# Trolling motor set up for fly fishing?



## mcjakershaker89 (Jul 11, 2012)

I recently bought my skiff and it has a birdsall mount for the trolling motor up front... The question is do i keep the mount and get a tramsom mount t motor? Or take it off and get a bow mount? I really want to be able to take it on and off for fly fishing. Any advice would be appreciated


----------



## firecat1981 (Nov 27, 2007)

Why drill more holes if the mount is already there? I say stay with what you got.


----------



## mudd_minnow (Oct 13, 2010)

> I recently bought my skiff and it has a birdsall mount for the trolling motor up front... The question is do i keep the mount and get a tramsom mount t motor?
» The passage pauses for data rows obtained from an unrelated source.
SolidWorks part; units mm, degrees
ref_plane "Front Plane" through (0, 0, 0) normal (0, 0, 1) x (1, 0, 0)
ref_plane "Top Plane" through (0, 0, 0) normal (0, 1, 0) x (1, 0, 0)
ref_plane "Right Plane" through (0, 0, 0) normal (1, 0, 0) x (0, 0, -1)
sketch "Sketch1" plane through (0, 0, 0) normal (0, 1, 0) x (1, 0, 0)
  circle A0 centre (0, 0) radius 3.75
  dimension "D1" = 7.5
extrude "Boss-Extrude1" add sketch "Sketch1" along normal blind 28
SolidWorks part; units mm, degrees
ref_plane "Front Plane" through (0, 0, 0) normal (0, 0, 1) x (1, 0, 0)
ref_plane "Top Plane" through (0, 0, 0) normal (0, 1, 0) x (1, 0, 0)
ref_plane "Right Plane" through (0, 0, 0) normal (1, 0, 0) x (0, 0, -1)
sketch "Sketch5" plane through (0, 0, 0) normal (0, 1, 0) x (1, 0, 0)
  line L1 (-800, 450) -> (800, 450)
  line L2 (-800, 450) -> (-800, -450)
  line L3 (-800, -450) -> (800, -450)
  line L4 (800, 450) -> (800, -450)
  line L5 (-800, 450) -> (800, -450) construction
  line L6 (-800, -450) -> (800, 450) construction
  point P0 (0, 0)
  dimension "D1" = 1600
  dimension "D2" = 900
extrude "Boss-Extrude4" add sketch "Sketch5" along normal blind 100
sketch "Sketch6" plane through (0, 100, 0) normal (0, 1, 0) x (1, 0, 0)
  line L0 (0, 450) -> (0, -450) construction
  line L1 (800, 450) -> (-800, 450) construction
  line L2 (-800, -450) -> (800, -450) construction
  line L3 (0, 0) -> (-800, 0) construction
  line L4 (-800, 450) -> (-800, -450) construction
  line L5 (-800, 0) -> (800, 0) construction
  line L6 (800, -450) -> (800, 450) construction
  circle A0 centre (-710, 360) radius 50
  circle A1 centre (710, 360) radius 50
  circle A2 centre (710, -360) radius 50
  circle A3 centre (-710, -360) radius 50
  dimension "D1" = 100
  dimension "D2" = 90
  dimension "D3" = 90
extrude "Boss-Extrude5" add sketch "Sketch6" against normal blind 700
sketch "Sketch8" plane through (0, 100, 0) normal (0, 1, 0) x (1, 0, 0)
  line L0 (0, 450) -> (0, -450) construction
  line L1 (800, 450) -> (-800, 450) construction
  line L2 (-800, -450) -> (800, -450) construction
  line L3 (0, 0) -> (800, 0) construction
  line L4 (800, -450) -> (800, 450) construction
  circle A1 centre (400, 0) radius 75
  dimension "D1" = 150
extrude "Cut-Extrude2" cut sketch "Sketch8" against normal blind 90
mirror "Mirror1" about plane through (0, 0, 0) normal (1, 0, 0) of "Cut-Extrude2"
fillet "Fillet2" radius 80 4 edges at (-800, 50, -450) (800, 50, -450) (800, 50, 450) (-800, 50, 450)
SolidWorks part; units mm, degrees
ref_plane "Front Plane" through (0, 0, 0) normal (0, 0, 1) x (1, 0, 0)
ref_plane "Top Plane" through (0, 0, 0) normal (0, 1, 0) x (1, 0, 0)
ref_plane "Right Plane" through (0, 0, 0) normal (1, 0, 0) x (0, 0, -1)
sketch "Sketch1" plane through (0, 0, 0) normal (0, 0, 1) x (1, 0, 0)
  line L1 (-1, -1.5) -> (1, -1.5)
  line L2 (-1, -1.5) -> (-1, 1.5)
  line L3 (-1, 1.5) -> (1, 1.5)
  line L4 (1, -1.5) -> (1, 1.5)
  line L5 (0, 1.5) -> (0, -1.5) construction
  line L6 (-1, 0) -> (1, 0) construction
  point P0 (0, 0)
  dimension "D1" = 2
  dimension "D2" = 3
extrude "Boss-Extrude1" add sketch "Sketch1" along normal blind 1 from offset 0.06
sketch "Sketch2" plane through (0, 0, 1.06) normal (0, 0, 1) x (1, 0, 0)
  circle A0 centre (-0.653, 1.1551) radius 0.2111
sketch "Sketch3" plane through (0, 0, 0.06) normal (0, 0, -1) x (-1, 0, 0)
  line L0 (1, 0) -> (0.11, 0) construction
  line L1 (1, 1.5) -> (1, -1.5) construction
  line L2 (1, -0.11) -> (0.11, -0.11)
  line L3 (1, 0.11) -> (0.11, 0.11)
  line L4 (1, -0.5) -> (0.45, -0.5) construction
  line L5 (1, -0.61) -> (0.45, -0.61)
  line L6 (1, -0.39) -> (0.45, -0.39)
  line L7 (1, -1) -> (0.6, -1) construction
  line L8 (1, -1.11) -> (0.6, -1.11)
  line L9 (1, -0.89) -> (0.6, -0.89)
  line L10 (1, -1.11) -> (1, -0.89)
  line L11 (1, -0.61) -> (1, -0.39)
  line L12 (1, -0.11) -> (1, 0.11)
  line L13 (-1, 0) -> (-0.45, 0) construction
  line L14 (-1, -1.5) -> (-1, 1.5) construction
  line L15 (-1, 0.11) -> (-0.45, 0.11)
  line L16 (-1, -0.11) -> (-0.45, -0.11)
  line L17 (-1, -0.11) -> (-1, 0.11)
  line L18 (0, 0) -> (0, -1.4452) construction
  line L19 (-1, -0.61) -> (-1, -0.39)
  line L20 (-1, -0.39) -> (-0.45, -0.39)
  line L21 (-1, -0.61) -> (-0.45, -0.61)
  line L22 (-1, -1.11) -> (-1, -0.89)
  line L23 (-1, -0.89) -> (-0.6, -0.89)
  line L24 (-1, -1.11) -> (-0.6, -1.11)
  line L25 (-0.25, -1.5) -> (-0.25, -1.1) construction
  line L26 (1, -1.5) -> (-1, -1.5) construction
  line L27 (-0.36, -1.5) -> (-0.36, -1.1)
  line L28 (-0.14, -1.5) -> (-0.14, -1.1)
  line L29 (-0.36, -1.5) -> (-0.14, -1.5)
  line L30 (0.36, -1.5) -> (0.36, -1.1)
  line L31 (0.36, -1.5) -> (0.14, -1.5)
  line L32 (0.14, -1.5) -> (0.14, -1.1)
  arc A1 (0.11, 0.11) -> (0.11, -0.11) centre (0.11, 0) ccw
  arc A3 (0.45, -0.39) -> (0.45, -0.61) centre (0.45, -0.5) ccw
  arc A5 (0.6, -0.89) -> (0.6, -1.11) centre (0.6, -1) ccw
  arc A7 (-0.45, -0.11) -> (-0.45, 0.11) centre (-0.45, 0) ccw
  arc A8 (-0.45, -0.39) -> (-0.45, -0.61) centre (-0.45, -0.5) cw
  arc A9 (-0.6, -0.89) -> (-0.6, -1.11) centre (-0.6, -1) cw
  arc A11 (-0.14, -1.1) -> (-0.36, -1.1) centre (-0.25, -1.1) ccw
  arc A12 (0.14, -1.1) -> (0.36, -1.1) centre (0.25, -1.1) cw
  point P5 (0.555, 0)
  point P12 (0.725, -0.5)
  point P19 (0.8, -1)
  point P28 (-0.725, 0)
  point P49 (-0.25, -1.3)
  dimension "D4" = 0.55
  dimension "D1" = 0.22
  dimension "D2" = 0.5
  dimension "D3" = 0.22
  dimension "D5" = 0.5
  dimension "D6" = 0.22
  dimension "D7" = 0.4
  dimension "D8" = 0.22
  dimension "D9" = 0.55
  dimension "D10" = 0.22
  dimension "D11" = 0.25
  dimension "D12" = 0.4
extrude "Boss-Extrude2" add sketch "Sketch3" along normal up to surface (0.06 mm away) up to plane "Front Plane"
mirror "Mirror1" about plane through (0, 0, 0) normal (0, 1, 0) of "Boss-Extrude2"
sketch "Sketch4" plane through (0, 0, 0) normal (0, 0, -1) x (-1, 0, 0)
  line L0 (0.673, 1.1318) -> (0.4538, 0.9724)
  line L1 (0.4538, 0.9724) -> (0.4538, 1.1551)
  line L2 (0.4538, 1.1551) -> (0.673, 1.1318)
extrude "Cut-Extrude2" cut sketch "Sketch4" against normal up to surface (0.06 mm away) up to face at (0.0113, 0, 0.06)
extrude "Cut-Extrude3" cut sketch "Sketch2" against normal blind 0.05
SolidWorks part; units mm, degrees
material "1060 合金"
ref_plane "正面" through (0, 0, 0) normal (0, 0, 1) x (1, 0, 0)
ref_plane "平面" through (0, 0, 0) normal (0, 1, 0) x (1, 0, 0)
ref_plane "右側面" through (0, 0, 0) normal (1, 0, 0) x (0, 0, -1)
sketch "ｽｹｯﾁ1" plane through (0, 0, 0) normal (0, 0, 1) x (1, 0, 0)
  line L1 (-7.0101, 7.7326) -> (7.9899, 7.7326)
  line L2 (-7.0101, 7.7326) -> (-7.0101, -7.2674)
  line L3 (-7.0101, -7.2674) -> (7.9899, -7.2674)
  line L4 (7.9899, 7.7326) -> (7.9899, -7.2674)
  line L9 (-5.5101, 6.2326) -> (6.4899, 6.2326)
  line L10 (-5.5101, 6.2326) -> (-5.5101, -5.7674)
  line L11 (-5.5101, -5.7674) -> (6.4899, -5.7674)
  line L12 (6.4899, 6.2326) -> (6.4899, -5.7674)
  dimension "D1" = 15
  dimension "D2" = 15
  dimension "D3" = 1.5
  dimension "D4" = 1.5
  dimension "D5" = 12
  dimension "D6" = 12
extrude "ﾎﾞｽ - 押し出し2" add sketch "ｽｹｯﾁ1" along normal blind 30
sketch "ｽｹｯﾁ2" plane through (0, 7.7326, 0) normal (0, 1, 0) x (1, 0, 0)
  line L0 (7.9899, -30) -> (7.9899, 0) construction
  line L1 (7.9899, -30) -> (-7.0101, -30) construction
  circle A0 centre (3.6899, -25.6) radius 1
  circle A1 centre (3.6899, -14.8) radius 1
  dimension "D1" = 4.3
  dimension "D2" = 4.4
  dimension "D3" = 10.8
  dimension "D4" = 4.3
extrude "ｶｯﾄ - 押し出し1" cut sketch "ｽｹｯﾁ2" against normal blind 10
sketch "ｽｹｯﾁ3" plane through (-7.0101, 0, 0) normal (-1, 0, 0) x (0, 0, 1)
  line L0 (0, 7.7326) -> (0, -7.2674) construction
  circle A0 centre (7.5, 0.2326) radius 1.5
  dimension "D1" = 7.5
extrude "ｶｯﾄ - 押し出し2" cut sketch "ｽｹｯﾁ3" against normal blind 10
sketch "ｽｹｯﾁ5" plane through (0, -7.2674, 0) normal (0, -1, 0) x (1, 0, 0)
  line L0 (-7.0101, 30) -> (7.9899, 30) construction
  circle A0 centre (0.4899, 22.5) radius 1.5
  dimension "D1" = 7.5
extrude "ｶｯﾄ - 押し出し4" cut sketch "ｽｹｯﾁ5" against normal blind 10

Or take it off and get a bow mount? I really want to be able to take it on and off for fly fishing. Any advice would be appreciated


Could you adapt the birdsall mount into a quick release mount? Here is an adaptation for my carolina skiff I did years ago so I could charge my batteries while my boat was completely locked up. 










You might be able to mount the square (quick release female part to the mount you have) and still be able to remove the trolling motor for fly fishing. The only thing you would have on the hull is the small square (male part you see in the picture) the quick release connects to.

Cut out a 3/4 peice of wood or starboard that matches the (female part) quick release mount. This will be called the adaptor peice.

Mount the birdsall to a peice of 3/4 inch rectangle wood or starboard you just cut out. the adaptor peice

Then mount the (female side) quick release to the 3/4 adaptor peice  you just made.

Next mount the small (male) quick release to the deck.  

AND WALA.  Your done.


----------